• [Work to be completed]: Copy each line of the data below with the word "layers".

• [Recorded data]:
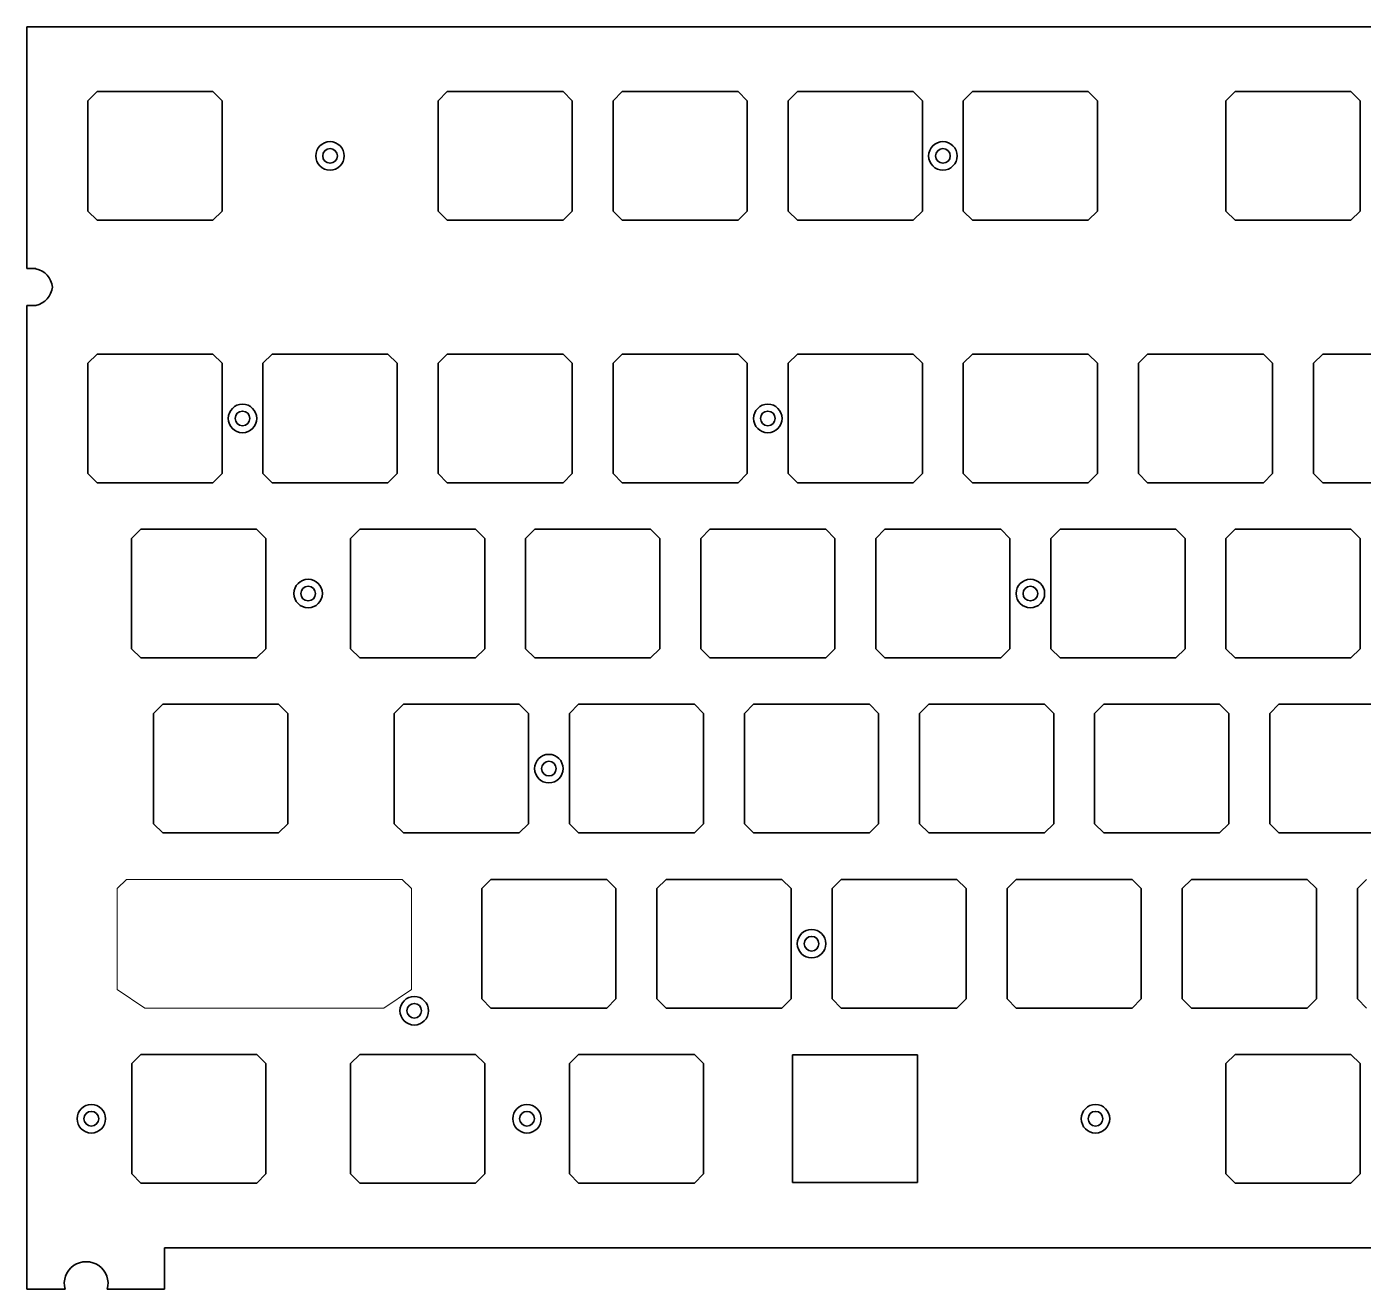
# Model space of a CAD drawing. Header units: millimetres. Extents: x -19 to 965, y -24 to 390.
# Drawn here: x 517.6 to 663, y 15.6 to 153 of the extents above; entities that cross this region are included whole.
import ezdxf

# ---------------------------------------------------------------- set-up
doc = ezdxf.new("R2010")
doc.units = ezdxf.units.MM
doc.layers.get('0').update_dxf_attribs({"lineweight": 35})
doc.layers.add('可见 (ISO)', color=7, linetype='Continuous', lineweight=50)

msp = doc.modelspace()

# ---------------------------------------------------------------- linework, layer by layer
at = {"color": 7, "linetype": 'Continuous'}
for p, q in [((517.6, 153), (964.5, 153)), ((517.6, 153), (517.6, 126.68)), ((525.25, 145.95), (524.25, 144.95)), ((525.25, 145.95), (524.25, 144.95)), ((525.25, 145.95), (524.25, 144.95)), ((525.25, 145.95), (524.25, 144.95)), ((525.25, 145.95), (524.25, 144.95)), ((525.25, 145.95), (524.25, 144.95)), ((525.25, 145.95), (524.25, 144.95)), ((525.25, 145.95), (524.25, 144.95)), ((525.25, 145.95), (524.25, 144.95)), ((537.85, 145.95), (525.25, 145.95)), ((537.85, 145.95), (525.25, 145.95)), ((537.85, 145.95), (525.25, 145.95)), ((537.85, 145.95), (525.25, 145.95)), ((537.85, 145.95), (525.25, 145.95)), ((537.85, 145.95), (525.25, 145.95)), ((537.85, 145.95), (525.25, 145.95)), ((537.85, 145.95), (525.25, 145.95)), ((537.85, 145.95), (525.25, 145.95)), ((538.85, 144.95), (537.85, 145.95)), ((538.85, 144.95), (537.85, 145.95)), ((538.85, 144.95), (537.85, 145.95)), ((538.85, 144.95), (537.85, 145.95)), ((538.85, 144.95), (537.85, 145.95)), ((538.85, 144.95), (537.85, 145.95)), ((538.85, 144.95), (537.85, 145.95)), ((538.85, 144.95), (537.85, 145.95)), ((538.85, 144.95), (537.85, 145.95)), ((563.35, 145.95), (562.35, 144.95)), ((563.35, 145.95), (562.35, 144.95)), ((563.35, 145.95), (562.35, 144.95)), ((575.95, 145.95), (563.35, 145.95)), ((575.95, 145.95), (563.35, 145.95)), ((575.95, 145.95), (563.35, 145.95)), ((576.95, 144.95), (575.95, 145.95)), ((576.95, 144.95), (575.95, 145.95)), ((576.95, 144.95), (575.95, 145.95)), ((582.4, 145.95), (581.4, 144.95)), ((582.4, 145.95), (581.4, 144.95)), ((582.4, 145.95), (581.4, 144.95)), ((595, 145.95), (582.4, 145.95)), ((595, 145.95), (582.4, 145.95)), ((595, 145.95), (582.4, 145.95)), ((596, 144.95), (595, 145.95)), ((596, 144.95), (595, 145.95)), ((596, 144.95), (595, 145.95)), ((601.45, 145.95), (600.45, 144.95)), ((601.45, 145.95), (600.45, 144.95)), ((601.45, 145.95), (600.45, 144.95)), ((614.05, 145.95), (601.45, 145.95)), ((614.05, 145.95), (601.45, 145.95)), ((614.05, 145.95), (601.45, 145.95)), ((615.05, 144.95), (614.05, 145.95)), ((615.05, 144.95), (614.05, 145.95)), ((615.05, 144.95), (614.05, 145.95)), ((620.5, 145.95), (619.5, 144.95)), ((620.5, 145.95), (619.5, 144.95)), ((620.5, 145.95), (619.5, 144.95)), ((633.1, 145.95), (620.5, 145.95)), ((633.1, 145.95), (620.5, 145.95)), ((633.1, 145.95), (620.5, 145.95)), ((634.1, 144.95), (633.1, 145.95)), ((634.1, 144.95), (633.1, 145.95)), ((634.1, 144.95), (633.1, 145.95)), ((649.08, 145.95), (648.08, 144.95)), ((649.08, 145.95), (648.08, 144.95)), ((649.08, 145.95), (648.08, 144.95)), ((661.68, 145.95), (649.08, 145.95)), ((661.68, 145.95), (649.08, 145.95)), ((661.68, 145.95), (649.08, 145.95)), ((662.68, 144.95), (661.68, 145.95)), ((662.68, 144.95), (661.68, 145.95)), ((662.68, 144.95), (661.68, 145.95)), ((524.25, 144.95), (524.25, 132.95)), ((524.25, 144.95), (524.25, 132.95)), ((524.25, 144.95), (524.25, 132.95)), ((524.25, 144.95), (524.25, 132.95)), ((524.25, 144.95), (524.25, 132.95)), ((524.25, 144.95), (524.25, 132.95)), ((524.25, 144.95), (524.25, 132.95)), ((524.25, 144.95), (524.25, 132.95)), ((524.25, 144.95), (524.25, 132.95)), ((538.85, 132.95), (538.85, 144.95)), ((538.85, 132.95), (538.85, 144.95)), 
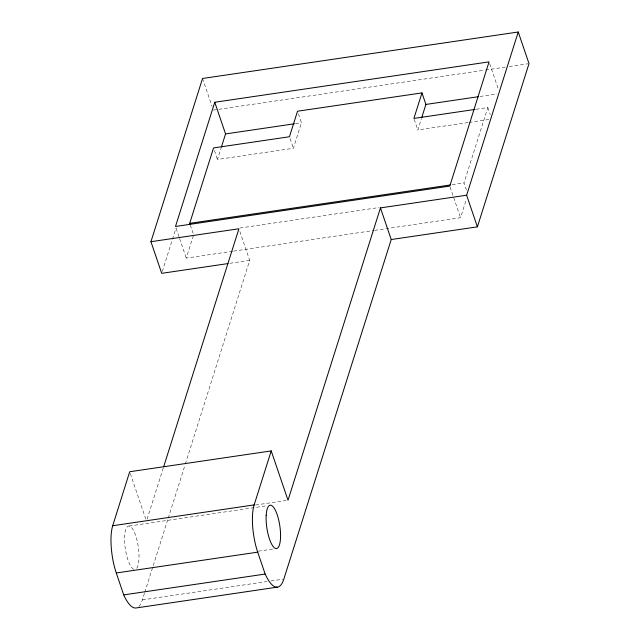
<?xml version="1.0" encoding="UTF-8"?>
<svg xmlns="http://www.w3.org/2000/svg" width="640" height="640" viewBox="0 0 640 640"><rect width="100%" height="100%" fill="white"/><g stroke="black" fill="none" stroke-linecap="round" stroke-linejoin="round"><path stroke-width="0.48" stroke-dasharray="3.2 2.4" d="M162.304 271.432L172.208 240.112M172.504 239.168L176.112 227.776M232.632 251.272L186.256 258.096L193.616 234.832L190.608 225.992M298.416 113.88L301.432 122.76L293.36 148.288L217.48 159.464L221.064 148.112M147.072 519.184L163.336 467.768M138.848 606.488A47.616 14.24 81.6 0 0 142.392 599.904L144.496 593.248M144.8 592.296L167.936 519.064M168.24 518.112L185.072 464.856M185.368 463.904L249.68 260.384L239.864 231.544M468.104 122.56L417.824 129.96L421.416 118.616M466.4 190.024L463.992 182.952L487.84 107.544L476.008 109.288M374.704 230.352L460.544 217.712L466.432 199.096M213.32 110.112L484.616 70.168M485.6 70.024L505.336 67.112M509.28 66.536L528.024 63.776M295.52 123.624L301.432 122.76M480.12 96.448L496.88 93.976M469.088 122.416L488.808 119.512M452.152 184.696L463.992 182.952M239.992 228L379.104 207.52M233.616 251.128L373.72 230.496M229.912 263.288L249.68 260.384M255.584 505.016L286.056 500.528M129.144 526.032L266.752 505.76M258.288 551.184L274.016 548.872M142.392 599.904L267.032 581.544M270.992 580.96L282.856 579.216M489.696 63.736L498.256 88.888M487.84 107.544L490.256 114.64M450.096 187.016L460.544 217.712M414.2 119.32L417.824 129.96M290.04 138.528L293.36 148.288M202.552 78.48L212.048 106.392M214.456 150.592L217.48 159.464M176.128 228.336L179.288 237.64M179.608 238.568L186.256 258.096M130.312 473.616L145.84 519.232M133.84 569.272A21.928 6.56 81.6 0 1 124.608 536.696A21.928 6.56 81.6 0 1 135.424 534.928A21.928 6.56 81.6 0 1 136.088 568.904"/><path stroke-width="0.96" d="M277.28 587.16L135.824 608A47.616 14.24 81.6 0 1 123.704 594.888L116.28 572.984A34.36 10.272 81.6 0 1 112.72 525.728L129.68 471.752L271.224 450.904L288.016 500.24L380.456 207.904L466.632 195.216L518.24 32L202.552 78.48L150.936 241.704L161.704 273.328L227.936 263.584M214.768 102.264L175.488 226.472L449.784 186.088L489.056 61.872L214.768 102.264L225.552 133.928L221.368 147.168M190.304 225.104L189.704 223.336L213.552 147.928L289.432 136.752L297.512 111.224L421.976 92.896L425.904 104.432L421.712 117.672M163.64 466.816L238.912 228.76L150.936 241.704M380.456 207.904L391.224 239.536L283.848 579.064A47.616 14.24 81.6 0 1 265.16 574.056L257.704 552.16A34.36 10.272 81.6 0 1 254.152 504.904L271.224 450.904M421.976 92.896L413.896 118.432L475.024 109.432M391.224 239.536L477.4 226.848L529.008 63.632L518.24 32M225.552 133.928L294.536 123.776M425.904 104.432L478.152 96.736M189.704 223.336L450.184 184.984M112.72 525.728L254.152 504.904M116.28 572.984L257.704 552.16M123.704 594.888L265.16 574.056M466.632 195.216L477.4 226.848M266.184 515.304A21.928 6.56 81.6 0 0 275.984 548.576A21.928 6.56 81.6 0 0 277.84 516.76A21.928 6.56 81.6 0 0 266.184 515.304"/></g></svg>

• [Task response]:
doc.layers.get('0').update_dxf_attribs({"lineweight": 35})
doc.layers.add('可见 (ISO)', color=7, linetype='Continuous', lineweight=50)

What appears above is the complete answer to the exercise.